Task statement:
An exact copy of the lines from the top of the data through the line with "6.5) point (33.5, 6.5)" is what you should give, with no pictures in it.

Data extracts:
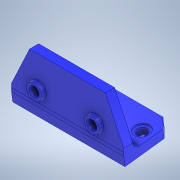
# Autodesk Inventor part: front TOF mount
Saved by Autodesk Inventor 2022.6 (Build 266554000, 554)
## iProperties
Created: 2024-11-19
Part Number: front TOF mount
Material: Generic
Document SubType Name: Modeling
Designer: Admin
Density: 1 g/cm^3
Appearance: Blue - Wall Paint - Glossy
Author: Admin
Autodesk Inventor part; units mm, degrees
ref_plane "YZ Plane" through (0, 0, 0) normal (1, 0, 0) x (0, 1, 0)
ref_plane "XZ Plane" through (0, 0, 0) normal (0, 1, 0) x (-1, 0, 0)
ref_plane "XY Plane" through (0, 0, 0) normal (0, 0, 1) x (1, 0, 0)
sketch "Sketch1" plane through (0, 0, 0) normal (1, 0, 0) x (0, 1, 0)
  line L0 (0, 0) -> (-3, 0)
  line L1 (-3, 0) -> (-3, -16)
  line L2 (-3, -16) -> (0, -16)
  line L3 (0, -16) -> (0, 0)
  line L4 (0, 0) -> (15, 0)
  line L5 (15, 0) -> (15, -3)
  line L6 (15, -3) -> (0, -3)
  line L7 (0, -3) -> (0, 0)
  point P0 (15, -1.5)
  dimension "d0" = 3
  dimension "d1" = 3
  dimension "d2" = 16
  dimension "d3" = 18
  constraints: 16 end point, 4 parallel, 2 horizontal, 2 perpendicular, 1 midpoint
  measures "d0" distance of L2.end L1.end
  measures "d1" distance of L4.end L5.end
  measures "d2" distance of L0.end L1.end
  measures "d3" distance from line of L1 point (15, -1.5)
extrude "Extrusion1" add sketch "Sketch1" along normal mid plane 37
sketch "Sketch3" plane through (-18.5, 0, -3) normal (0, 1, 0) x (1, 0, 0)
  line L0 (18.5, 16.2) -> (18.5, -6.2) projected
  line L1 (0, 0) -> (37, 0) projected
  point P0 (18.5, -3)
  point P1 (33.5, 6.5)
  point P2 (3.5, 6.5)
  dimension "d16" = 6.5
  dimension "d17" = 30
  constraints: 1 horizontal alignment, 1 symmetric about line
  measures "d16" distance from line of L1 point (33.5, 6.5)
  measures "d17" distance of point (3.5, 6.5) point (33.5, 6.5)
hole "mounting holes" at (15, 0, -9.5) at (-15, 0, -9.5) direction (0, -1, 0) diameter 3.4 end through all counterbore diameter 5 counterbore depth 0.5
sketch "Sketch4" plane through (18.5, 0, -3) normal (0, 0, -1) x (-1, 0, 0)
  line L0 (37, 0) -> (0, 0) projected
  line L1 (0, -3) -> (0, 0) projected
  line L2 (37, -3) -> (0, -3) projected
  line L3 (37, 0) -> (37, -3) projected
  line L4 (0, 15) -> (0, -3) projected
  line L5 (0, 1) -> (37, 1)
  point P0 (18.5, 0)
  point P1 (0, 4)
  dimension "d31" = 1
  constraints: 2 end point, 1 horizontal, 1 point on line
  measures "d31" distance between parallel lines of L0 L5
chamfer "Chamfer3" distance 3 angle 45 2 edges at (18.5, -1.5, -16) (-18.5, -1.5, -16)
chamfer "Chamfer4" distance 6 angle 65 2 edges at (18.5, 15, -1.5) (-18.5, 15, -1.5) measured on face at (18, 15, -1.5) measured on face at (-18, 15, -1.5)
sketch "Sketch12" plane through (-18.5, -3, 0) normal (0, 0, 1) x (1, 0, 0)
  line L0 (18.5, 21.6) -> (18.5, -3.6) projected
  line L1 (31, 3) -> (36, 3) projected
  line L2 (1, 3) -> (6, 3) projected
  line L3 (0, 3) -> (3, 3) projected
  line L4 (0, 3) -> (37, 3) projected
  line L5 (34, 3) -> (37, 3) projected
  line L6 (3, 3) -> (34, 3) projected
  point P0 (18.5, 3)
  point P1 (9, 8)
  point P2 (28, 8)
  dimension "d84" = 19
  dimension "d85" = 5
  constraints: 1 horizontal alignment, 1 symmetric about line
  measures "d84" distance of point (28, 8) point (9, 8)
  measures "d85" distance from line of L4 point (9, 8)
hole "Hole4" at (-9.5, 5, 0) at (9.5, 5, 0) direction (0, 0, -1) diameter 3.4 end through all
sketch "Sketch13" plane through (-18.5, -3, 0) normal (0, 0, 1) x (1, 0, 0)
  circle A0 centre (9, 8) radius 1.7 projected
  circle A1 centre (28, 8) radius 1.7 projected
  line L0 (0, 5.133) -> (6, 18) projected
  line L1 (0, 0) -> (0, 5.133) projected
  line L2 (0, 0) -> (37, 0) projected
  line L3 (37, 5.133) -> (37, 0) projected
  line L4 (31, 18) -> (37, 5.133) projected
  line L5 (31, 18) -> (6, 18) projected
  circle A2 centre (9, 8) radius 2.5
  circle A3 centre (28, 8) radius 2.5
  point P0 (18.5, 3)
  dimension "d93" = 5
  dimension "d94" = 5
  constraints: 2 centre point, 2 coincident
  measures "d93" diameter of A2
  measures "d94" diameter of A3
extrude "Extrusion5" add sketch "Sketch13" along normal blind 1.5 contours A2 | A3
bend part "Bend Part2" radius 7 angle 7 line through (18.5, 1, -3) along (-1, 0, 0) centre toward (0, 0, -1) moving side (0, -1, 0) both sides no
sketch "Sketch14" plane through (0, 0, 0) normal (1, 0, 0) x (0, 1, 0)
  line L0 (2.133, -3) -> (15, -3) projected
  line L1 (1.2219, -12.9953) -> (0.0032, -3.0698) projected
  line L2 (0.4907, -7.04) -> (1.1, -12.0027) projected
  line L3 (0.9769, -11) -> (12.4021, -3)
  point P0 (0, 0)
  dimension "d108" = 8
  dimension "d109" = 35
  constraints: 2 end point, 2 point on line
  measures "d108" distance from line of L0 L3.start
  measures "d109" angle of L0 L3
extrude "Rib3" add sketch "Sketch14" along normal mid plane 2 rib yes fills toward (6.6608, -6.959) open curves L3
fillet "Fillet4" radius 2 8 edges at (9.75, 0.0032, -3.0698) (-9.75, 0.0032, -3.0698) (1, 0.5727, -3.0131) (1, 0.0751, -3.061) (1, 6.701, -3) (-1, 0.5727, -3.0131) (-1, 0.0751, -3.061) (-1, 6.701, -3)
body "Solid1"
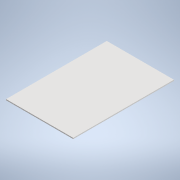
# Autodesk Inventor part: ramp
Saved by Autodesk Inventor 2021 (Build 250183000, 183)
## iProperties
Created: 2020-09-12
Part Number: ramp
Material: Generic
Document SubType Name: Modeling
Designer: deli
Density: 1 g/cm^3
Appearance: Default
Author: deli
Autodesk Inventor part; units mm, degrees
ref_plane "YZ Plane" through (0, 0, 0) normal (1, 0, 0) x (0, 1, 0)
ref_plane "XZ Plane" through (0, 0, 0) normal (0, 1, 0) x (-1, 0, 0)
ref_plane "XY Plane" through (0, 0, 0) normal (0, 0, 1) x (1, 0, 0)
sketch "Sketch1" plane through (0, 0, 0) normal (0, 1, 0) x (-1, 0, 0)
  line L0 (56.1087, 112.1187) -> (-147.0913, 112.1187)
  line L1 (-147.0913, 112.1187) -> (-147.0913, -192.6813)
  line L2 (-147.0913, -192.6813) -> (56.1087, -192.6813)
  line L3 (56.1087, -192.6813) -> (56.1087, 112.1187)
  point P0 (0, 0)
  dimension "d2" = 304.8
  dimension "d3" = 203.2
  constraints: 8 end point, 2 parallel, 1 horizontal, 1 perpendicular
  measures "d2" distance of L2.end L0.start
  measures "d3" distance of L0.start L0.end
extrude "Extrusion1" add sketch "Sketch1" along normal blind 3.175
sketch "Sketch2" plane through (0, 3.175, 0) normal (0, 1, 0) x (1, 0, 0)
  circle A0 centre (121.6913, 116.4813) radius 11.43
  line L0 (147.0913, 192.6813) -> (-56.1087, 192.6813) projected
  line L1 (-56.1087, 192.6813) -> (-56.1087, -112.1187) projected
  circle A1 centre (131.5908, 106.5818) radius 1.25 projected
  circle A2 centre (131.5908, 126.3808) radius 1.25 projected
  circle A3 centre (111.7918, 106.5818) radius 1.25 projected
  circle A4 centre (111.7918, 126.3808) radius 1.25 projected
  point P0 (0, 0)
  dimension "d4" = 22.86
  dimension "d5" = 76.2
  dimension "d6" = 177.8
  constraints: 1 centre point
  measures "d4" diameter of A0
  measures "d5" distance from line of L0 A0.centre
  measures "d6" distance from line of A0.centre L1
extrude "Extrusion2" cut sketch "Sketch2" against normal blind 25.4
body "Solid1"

Written response:
# Autodesk Inventor part: front TOF mount
Saved by Autodesk Inventor 2022.6 (Build 266554000, 554)
## iProperties
Created: 2024-11-19
Part Number: front TOF mount
Material: Generic
Document SubType Name: Modeling
Designer: Admin
Density: 1 g/cm^3
Appearance: Blue - Wall Paint - Glossy
Author: Admin
Autodesk Inventor part; units mm, degrees
ref_plane "YZ Plane" through (0, 0, 0) normal (1, 0, 0) x (0, 1, 0)
ref_plane "XZ Plane" through (0, 0, 0) normal (0, 1, 0) x (-1, 0, 0)
ref_plane "XY Plane" through (0, 0, 0) normal (0, 0, 1) x (1, 0, 0)
sketch "Sketch1" plane through (0, 0, 0) normal (1, 0, 0) x (0, 1, 0)
  line L0 (0, 0) -> (-3, 0)
  line L1 (-3, 0) -> (-3, -16)
  line L2 (-3, -16) -> (0, -16)
  line L3 (0, -16) -> (0, 0)
  line L4 (0, 0) -> (15, 0)
  line L5 (15, 0) -> (15, -3)
  line L6 (15, -3) -> (0, -3)
  line L7 (0, -3) -> (0, 0)
  point P0 (15, -1.5)
  dimension "d0" = 3
  dimension "d1" = 3
  dimension "d2" = 16
  dimension "d3" = 18
  constraints: 16 end point, 4 parallel, 2 horizontal, 2 perpendicular, 1 midpoint
  measures "d0" distance of L2.end L1.end
  measures "d1" distance of L4.end L5.end
  measures "d2" distance of L0.end L1.end
  measures "d3" distance from line of L1 point (15, -1.5)
extrude "Extrusion1" add sketch "Sketch1" along normal mid plane 37
sketch "Sketch3" plane through (-18.5, 0, -3) normal (0, 1, 0) x (1, 0, 0)
  line L0 (18.5, 16.2) -> (18.5, -6.2) projected
  line L1 (0, 0) -> (37, 0) projected
  point P0 (18.5, -3)
  point P1 (33.5, 6.5)
  point P2 (3.5, 6.5)
  dimension "d16" = 6.5
  dimension "d17" = 30
  constraints: 1 horizontal alignment, 1 symmetric about line
  measures "d16" distance from line of L1 point (33.5, 6.5)
  measures "d17" distance of point (3.5, 6.5) point (33.5, 6.5)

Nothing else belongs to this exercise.